Home J Young Pharm, Vol 9/Issue 4/2017 In vitro Anti-Cancer Activity of Rosuvastatin and Ketorolac Nanoformulations against DDX3

In vitro Anti-Cancer Activity of Rosuvastatin and Ketorolac Nanoformulations against DDX3

by [email protected]
Published on:October 2017
Journal of Young Pharmacists, 2017; 9(4):537-544
Original Article | doi:10.5530/jyp.2017.9.103
Authors:

Khaggeswar Bheemanapally1, Manish Kumar Thimmaraju2, Sagar Kasagoni2, Prathyusha Thatikonda2, Swathi Akula1, Kranthi Raj Kodamala3, Lavanya Kakarla3, Sridhar Babu Gummadi4, Harishankar Nemani5, Mahendran Botlagunta3,6*

1Balaji Institute of Pharmaceutical Sciences, Warangal, Telengana-506331, INDIA.

2Balaji Institute of Pharmacy, Warangal, Telengana-506331, INDIA.

3Department of Biotechnology, K L University, Guntur, Andhra Pradesh-522502, INDIA.

4Sri Shivani College of Pharmacy, Warangal, 506007, INDIA.

5National Centre for Laboratory Animal Sciences, National Institute of Nutrition, ICMR, Taranaka, Hyderabad, Telangana, INDIA.
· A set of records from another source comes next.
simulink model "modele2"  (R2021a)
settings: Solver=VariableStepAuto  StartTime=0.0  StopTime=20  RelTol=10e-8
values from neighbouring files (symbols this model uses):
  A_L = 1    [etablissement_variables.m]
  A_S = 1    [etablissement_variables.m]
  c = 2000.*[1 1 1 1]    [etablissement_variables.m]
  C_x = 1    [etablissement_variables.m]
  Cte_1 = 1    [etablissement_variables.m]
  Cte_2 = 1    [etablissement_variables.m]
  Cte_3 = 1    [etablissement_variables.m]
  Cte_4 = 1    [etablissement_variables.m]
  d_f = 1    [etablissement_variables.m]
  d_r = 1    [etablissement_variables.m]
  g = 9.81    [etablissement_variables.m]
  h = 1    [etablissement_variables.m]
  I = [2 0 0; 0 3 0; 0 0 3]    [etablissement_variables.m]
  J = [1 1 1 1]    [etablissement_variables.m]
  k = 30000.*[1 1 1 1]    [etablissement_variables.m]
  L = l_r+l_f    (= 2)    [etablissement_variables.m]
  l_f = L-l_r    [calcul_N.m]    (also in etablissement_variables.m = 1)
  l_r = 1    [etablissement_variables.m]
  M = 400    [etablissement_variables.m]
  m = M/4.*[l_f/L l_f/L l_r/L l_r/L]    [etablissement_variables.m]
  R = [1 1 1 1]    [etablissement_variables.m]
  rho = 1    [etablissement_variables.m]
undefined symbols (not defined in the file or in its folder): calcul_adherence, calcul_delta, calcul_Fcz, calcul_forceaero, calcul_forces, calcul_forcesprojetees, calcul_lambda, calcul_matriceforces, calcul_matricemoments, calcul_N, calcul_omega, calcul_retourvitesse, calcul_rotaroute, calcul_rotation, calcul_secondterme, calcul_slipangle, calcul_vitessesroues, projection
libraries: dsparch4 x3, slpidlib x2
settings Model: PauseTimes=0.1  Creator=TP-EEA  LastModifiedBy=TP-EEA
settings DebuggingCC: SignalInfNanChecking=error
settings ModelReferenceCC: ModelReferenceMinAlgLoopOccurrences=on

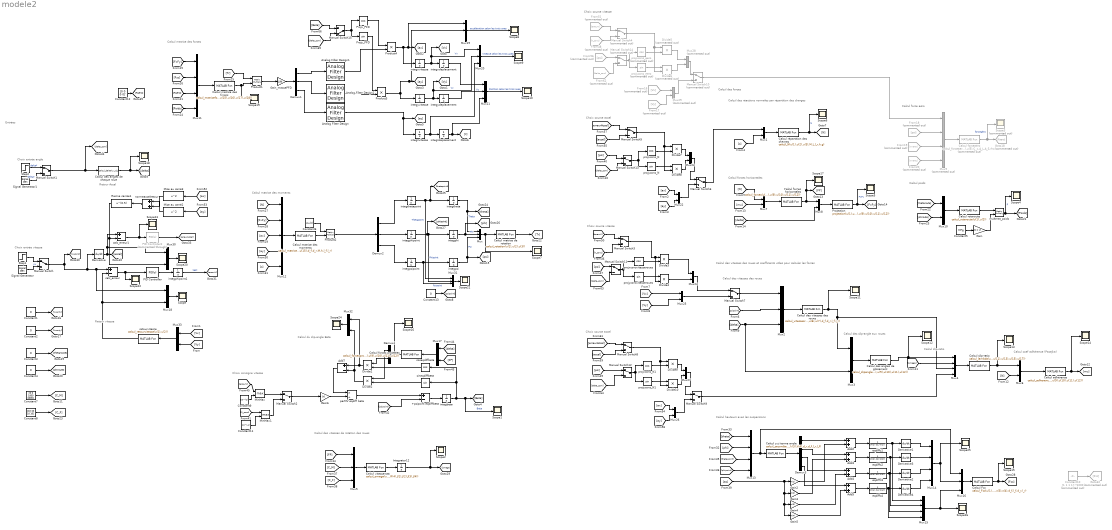
== system modele2 ==
  note: Choix consigne vitesse
  note: Choix entrée vitesse
  note: Choix entrée angle
  note: Choix source accel
  note: Calcul du slip-angle Beta
  note: Calcul des vitesses de rotation des roues
  note: Calcul matrice des forces
  note: Calcul poids
  note: Calcul force aéro
  note: Calcul des forces
  note: Calcul forces horizontales
  note: Calcul des vitesses des roues et coefficients utiles pour calculer les forces
  note: Calcul coef adhérence (Pacejka)
  note: Calcul slip-ratio
  note: Calcul des slip-angle aux roues
  note: Calcul des vitesses des roues
  note: Calcul des réactions normales par répartition des charges
  note: Retour vitesse
  note: Entrées
  note: Calcul matrice des moments
  note: Calcul hauteurs avec les suspensions
  note: Retour Accel
  note: Choix source vitesse
  note: Choix source accel
  note: Choix source vitesse
  +psipoint eqdiffbeta : Sum  Inputs=+-
  Add{2..5} (4 alike) : Sum
  Add7 : Sum  Inputs=+-
  Analog Filter Design : dsparch4/Analog Filter Design  method=Butterworth  filttype=Lowpass  N=4  Wlo=20  Whi=80  Rp=2  Rs=40
  Analog Filter Design1 : dsparch4/Analog Filter Design  method=Butterworth  filttype=Lowpass  N=4  Wlo=20  Whi=80  Rp=2  Rs=40
  Analog Filter Design2 : dsparch4/Analog Filter Design  method=Butterworth  filttype=Lowpass  N=4  Wlo=20  Whi=80  Rp=2  Rs=40
  Calcul Fzc : MATLABFcn  MATLABFcn=calcul_Fcz(u(1),u(2),u(3),u(4),u(5),u(6),u(7),u(8),u(9),u(10),u(11),u(12),k(1),k(2),k(3),k(4),c(1),c(2),c(3),c(4),d_f,l_f,d_r,l_r)  OutputDimensions=4
  Calcul adhérence : MATLABFcn  MATLABFcn=calcul_adherence(u(1),u(2),u(3),u(4),u(5),u(6),u(7),u(8),Cte_1,Cte_2,Cte_3,Cte_4,u(9),u(10),u(11),u(12))  OutputDimensions=4*2
  Calcul des angles de chaque roue : MATLABFcn  MATLABFcn=calcul_delta(u,L,d_f)  OutputDimensions=4
  Calcul des angles de glissement : MATLABFcn  MATLABFcn=calcul_slipangle(u(1),u(2),u(3),u(4),u(5),u(6),u(7),u(8),u(9),u(10),u(11),u(12))  OutputDimensions=4
  Calcul des vitesses des roues : MATLABFcn  MATLABFcn=calcul_vitessesroues(u(1),u(2),u(3),u(4),u(5),u(6),u(7),d_f,d_r,l_f,l_r)  OutputDimensions=4*2
  Calcul forceaéro : MATLABFcn  Commented=on  MATLABFcn=calcul_forceaero(u(1),u(2),u(3),u(4),u(5),C_x,A_L,A_S,rho)  OutputDimensions=3
  Calcul forces horizontales : MATLABFcn  MATLABFcn=calcul_forces(u(1),u(2),u(3),u(4),u(5),u(6),u(7),u(8),u(9),u(10),u(11),u(12))  OutputDimensions=4*2
  Calcul forces projetées : MATLABFcn  MATLABFcn=calcul_forcesprojetees(u(1),u(2),u(3),u(4),u(5),u(6),u(7),u(8),u(9),u(10),u(11),u(12))  OutputDimensions=2  Output1D=off
  Calcul matrice de rotation : MATLABFcn  MATLABFcn=calcul_rotation(u(1),u(2),u(3))  OutputDimensions=[3 3]  Output1D=off
  Calcul matrice des forces : MATLABFcn  MATLABFcn=calcul_matriceforces(u(1),u(2),u(3),u(4),u(5),u(6),u(7),u(8),u(9),u(10),u(11),u(12),u(13),u(14),u(15),u(16),u(17),u(18))  OutputDimensions=[3 1]  Output1D=off
  Calcul matrice des moments : MATLABFcn  MATLABFcn=calcul_matricemoments(u(1),u(2),u(3),u(4),u(5),u(6),u(7),u(8),u(9),u(10),u(11),u(12),u(13),u(14),u(15),d_f,d_r,M,h,l_f,l_r)  OutputDimensions=[3 1]  Output1D=off
  Calcul rotaroute : MATLABFcn  MATLABFcn=calcul_rotaroute(u(1),u(2))  OutputDimensions=[3 3]  Output1D=off
  Calcul répartition des charges : MATLABFcn  MATLABFcn=calcul_N(u(1),u(2),u(3),M,L,l_r,h,g)  OutputDimensions=4
  Calcul slip-ratio : MATLABFcn  MATLABFcn=calcul_lambda(u(1),u(2),u(3),u(4),R(1),R(2),R(3),R(4),u(5),u(6),u(7),u(8),u(9),u(11),u(13),u(15),u(17))  OutputDimensions=4*2
  Calcul vitesserota : MATLABFcn  MATLABFcn=calcul_omega(u(1),u(2),u(3),u(4),u(5),u(6),u(7),u(8),u(9),u(10),u(11),u(12),u(13),u(14),u(15),u(16),R(1),R(2),R(3),R(4),J(1),J(2),J(3),J(4))  OutputDimensions=4
  Calcul z-zi terme angle : MATLABFcn  MATLABFcn=calcul_secondterme(u(1),u(2),u(3),u(4),c(1),c(2),c(3),c(4),k(1),k(2),k(3),k(4),d_r,d_f,l_r,l_f)  OutputDimensions=4
  Constant{1..4,13} (5 alike) : Constant  Value=0
  Constant10 : Constant  Commented=on  Value=[1 1 1 1]'.*1000  VectorParams1D=off
  Constant11 : Constant  Value=10^(-1)
  Constant12 : Constant  Value=[0 0 0 0]'
  Constant5 : Constant  Value=M*g  VectorParams1D=off
  Constant6 : Constant  Value=inv(I)
  Constant7 : Constant  Value=[0 0 1000 1000]
  Constant8 : Constant  Value=[10 10 10 10]
  Constant9 : Constant  Value=10^(-1)
  Demux1 : Demux  Outputs=3
  Demux2 : Demux  Outputs=3
  Demux3 : Demux
  Demux4 : Demux  Outputs=2
  Derivative{,1..4} (5 alike) : Derivative
  Divide{1..4,7..10} (8 alike) : Product  Inputs=**
  Divide5 : Product  Commented=on  Inputs=**
  Divide6 : Product  Commented=on  Inputs=**
  From16 : From  Commented=on  GotoTag=Vx
  From17 : From  Commented=on  GotoTag=Vy
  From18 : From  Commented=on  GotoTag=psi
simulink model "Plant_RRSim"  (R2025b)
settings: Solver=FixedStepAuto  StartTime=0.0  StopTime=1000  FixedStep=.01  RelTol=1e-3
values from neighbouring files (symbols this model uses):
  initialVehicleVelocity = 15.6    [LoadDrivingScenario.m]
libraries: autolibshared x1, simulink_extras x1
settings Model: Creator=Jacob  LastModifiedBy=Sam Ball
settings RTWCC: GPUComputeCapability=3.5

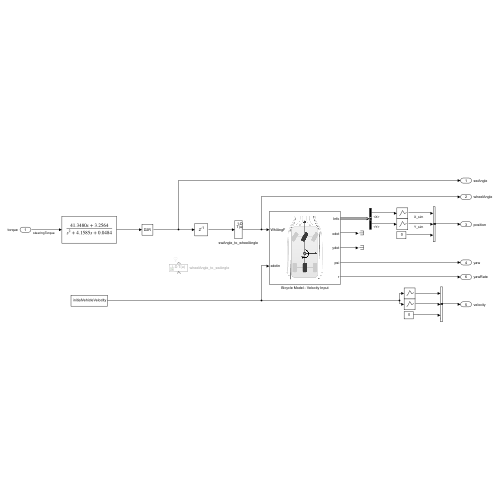
[thumbnail: Simulink's stored preview of the top-level diagram]
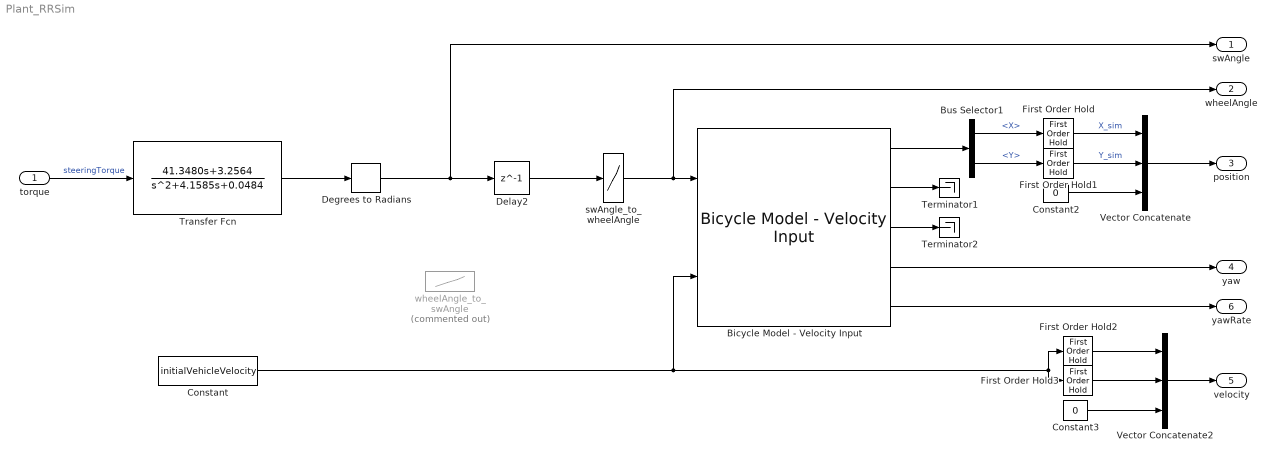
== system Plant_RRSim ==
  torque : Inport
  Bicycle Model - Velocity Input : autolibshared/Bicycle Model - Velocity Input  trackMode=Single (bicycle)  inputMode=External longitudinal velocity  frontSteerMode=on  rearSteerMode=off  windMode=off  muMode=off  extFMode=off  extMMode=off  aMode=3  NF=2  NR=2  m=2765.4  a=1.507  b=1.587  h=0.182  X_o=0  xdot_o=0  CalphaMode=off  sigmaMode=on  w=[1.4,1.4]  Cy_f=12e3  Cy_r=11e3  sigma_f=.1  sigma_r=.1  alpha_f_brk=[-.1 .1]  Cy_f_data=[-9e3 9e3]  alpha_r_brk=[-.1 .1]  Cy_r_data=[-9e3 9e3]  Y_o=0  ydot_o=0  Izz=4000  psi_o=0*pi/180  r_o=0  Af=2  Cd=.3  Cl=.1  Cpm=.1  beta_w=[0 0.01:0.01:0.3]  Cs=[0 0.01:0.01:0.3]  Cym=[0 1e-6:0.01:0.3]  Pabs=101325  Tair=273  g=9.81  mu=1  xdot_tol=.01  Fznom=5000  Fxtire_sat=1e6  Fytire_sat=1e6  longOff=888.7  latOff=-143.6  vertOff=0
      settings: LibrarySourceBlock=drivingscenarioandsensors/Bicycle Model - Velocity Input
  Bus Selector1 : BusSelector  OutputSignals=InertFrm.Cg.Disp.X,InertFrm.Cg.Disp.Y
  Constant : Constant  Value=initialVehicleVelocity
  Constant2 : Constant  Value=0
  Constant3 : Constant  Value=0
  Degrees to Radians : simulink_extras/Transformations/Degrees to Radians
  Delay2 : Delay  DelayLength=1
  First Order Hold{,1..3} (4 alike) : FirstOrderHold  ErrorTolerance=inf  AllowContinuousInput=on
  Terminator1 : Terminator
  Terminator2 : Terminator
  Transfer Fcn : TransferFcn  Numerator=[41.3480 3.2564]  Denominator=[1 4.1585 0.0484]
  Vector Concatenate : Concatenate  NumInputs=3  Mode=Multidimensional array  ConcatenateDimension=2
  Vector Concatenate2 : Concatenate  NumInputs=3  Mode=Multidimensional array  ConcatenateDimension=2
  swAngle_to_wheelAngle : Lookup_n-D  NumberOfTableDimensions=1  BreakpointsForDimension1=[-10.89089966;-10.16600037;-9.441100121;-8.716199875;-7.991300106;-7.26639986;-6.541500092;-5.816599846;-5.091700077;-4.366799831;-3.641900063;-2.917000055;-2.192100048;-1.467200041;-0.742299974;-0.0175;0.0175;0.742299974;1.467200041;2.192100048;2.917000055;3.641900063;4.366799831;5.091700077;5.816599846;6.541500092;7.26639986;7.991300106;8.716199875;9.441100121;10.16600037;10.89089966]  Table=[-0.636900008;-0.589100003;-0.539099991;-0.490500003;-0.44659999;-0.404900014;-0.361499995;-0.317299992;-0.27610001;-0.237499997;-0.197899997;-0.156399995;-0.1162;-0.078699999;-0.041099999;-0.001;0.001;0.041200001;0.079099998;0.116499998;0.156399995;0.197999999;0.237900004;0.276499987;0.317400008;0.361499995;0.405299991;0.447100013;0.490700006;0.539099991;0.589399993;0.637499988]  InternalRulePriority=Speed  RndMeth=Simplest
  wheelAngle_to_swAngle : Lookup_n-D  Commented=on  NumberOfTableDimensions=1  BreakpointsForDimension1=[-0.636900008;-0.589100003;-0.539099991;-0.490500003;-0.44659999;-0.404900014;-0.361499995;-0.317299992;-0.27610001;-0.237499997;-0.197899997;-0.156399995;-0.1162;-0.078699999;-0.041099999;-0.001;0.001;0.041200001;0.079099998;0.116499998;0.156399995;0.197999999;0.237900004;0.276499987;0.317400008;0.361499995;0.405299991;0.447100013;0.490700006;0.539099991;0.589399993;0.637499988]  Table=[-10.89089966;-10.16600037;-9.441100121;-8.716199875;-7.991300106;-7.26639986;-6.541500092;-5.816599846;-5.091700077;-4.366799831;-3.641900063;-2.917000055;-2.192100048;-1.467200041;-0.742299974;-0.0175;0.0175;0.742299974;1.467200041;2.192100048;2.917000055;3.641900063;4.366799831;5.091700077;5.816599846;6.541500092;7.26639986;7.991300106;8.716199875;9.441100121;10.16600037;10.89089966]  InternalRulePriority=Speed  RndMeth=Simplest
  swAngle : Outport
  wheelAngle : Outport  Port=2
  position : Outport  Port=3
  yaw : Outport  Port=4
  velocity : Outport  Port=5
  yawRate : Outport  Port=6
  wires:
  First Order Hold1/1 -> Vector Concatenate/2  "Y_sim"
  Delay2/1 -> swAngle_to_wheelAngle/1
  First Order Hold/1 -> Vector Concatenate/1  "X_sim"
  Bicycle Model - Velocity Input/1 -> Bus Selector1/1
  Bus Selector1/2 -> First Order Hold1/1  "<Y>"
  Constant3/1 -> Vector Concatenate2/3
  Bus Selector1/1 -> First Order Hold/1  "<X>"
  Vector Concatenate2/1 -> velocity/1
  Constant2/1 -> Vector Concatenate/3
  Bicycle Model - Velocity Input/5 -> yawRate/1
  Vector Concatenate/1 -> position/1
  First Order Hold2/1 -> Vector Concatenate2/1
  Bicycle Model - Velocity Input/4 -> yaw/1
  Bicycle Model - Velocity Input/3 -> Terminator2/1
  First Order Hold3/1 -> Vector Concatenate2/2
  Bicycle Model - Velocity Input/2 -> Terminator1/1
  Constant/1 -> First Order Hold3/1, First Order Hold2/1, Bicycle Model - Velocity Input/2
  swAngle_to_wheelAngle/1 -> wheelAngle/1, Bicycle Model - Velocity Input/1
  torque/1 -> Transfer Fcn/1  "steeringTorque"
  Transfer Fcn/1 -> Degrees to Radians/1
  Degrees to Radians/1 -> Delay2/1, swAngle/1

6Sweety Biologicals India Private Limited, Kavali, Andhra Pradesh-524201, INDIA.

Abstract:

Background: DDX3 is the human RNA helicase and enhanced expression of DDX3 protein was found in several cancers including leukemia. Statin family of drugs shown to inhibit the growth of acute myeloid leukemia cells. Objective: In this paper we report the molecular interaction of Rosuvastatin Calcium (RST) salt with DDX3 by Molecular docking. Molecular dynamics simulation (MDS) using Desmond further confirmed that the RST forms strong intra and inter molecular hydrogen bond network with DDX3 as similar to Ketorolac salt, a known inhibitor of DDX3. Materials and methods: To validate the biological activity, RST and KT nanoemulsions were prepared using propylene glycol monocaprylate (type II) NF, glycerol monolinoleate EP, Lauroyl macrogol-6 glycerides EP and poloxamer 188 to improve the bioavailability in rats. Solution state stability study was performed at various pH for 24 h to determine the integrity of RST and KT in nanoemulsion formulations. The prepared formulations have been evaluated for permeability across porcine buccal membrane. The RST and KT nanoemulsions were evaluated for anticancer activity using K-562 leukaemia cancer cell lines. Results: It showed both the nanoemulsions inhibited the growth of the cancer cell and also reduced the expression of DDX3 protein. Bioavailability study in rats revealed that nanoemulsion formulations have exhibited higher systemic concentrations. Conclusion: In summary, taken together, our result demonstrates, for the first time, inhibition of DDX3 expression by RST nanoemulsions indicates that this nanoformulation can be used as an ideal drug candidate to treat DDX3 associated blood cancer.

Key words: Rosuvastatin, Ketorolac salt, nanoformulations, DDX3, molecular docking and anti cancer activity.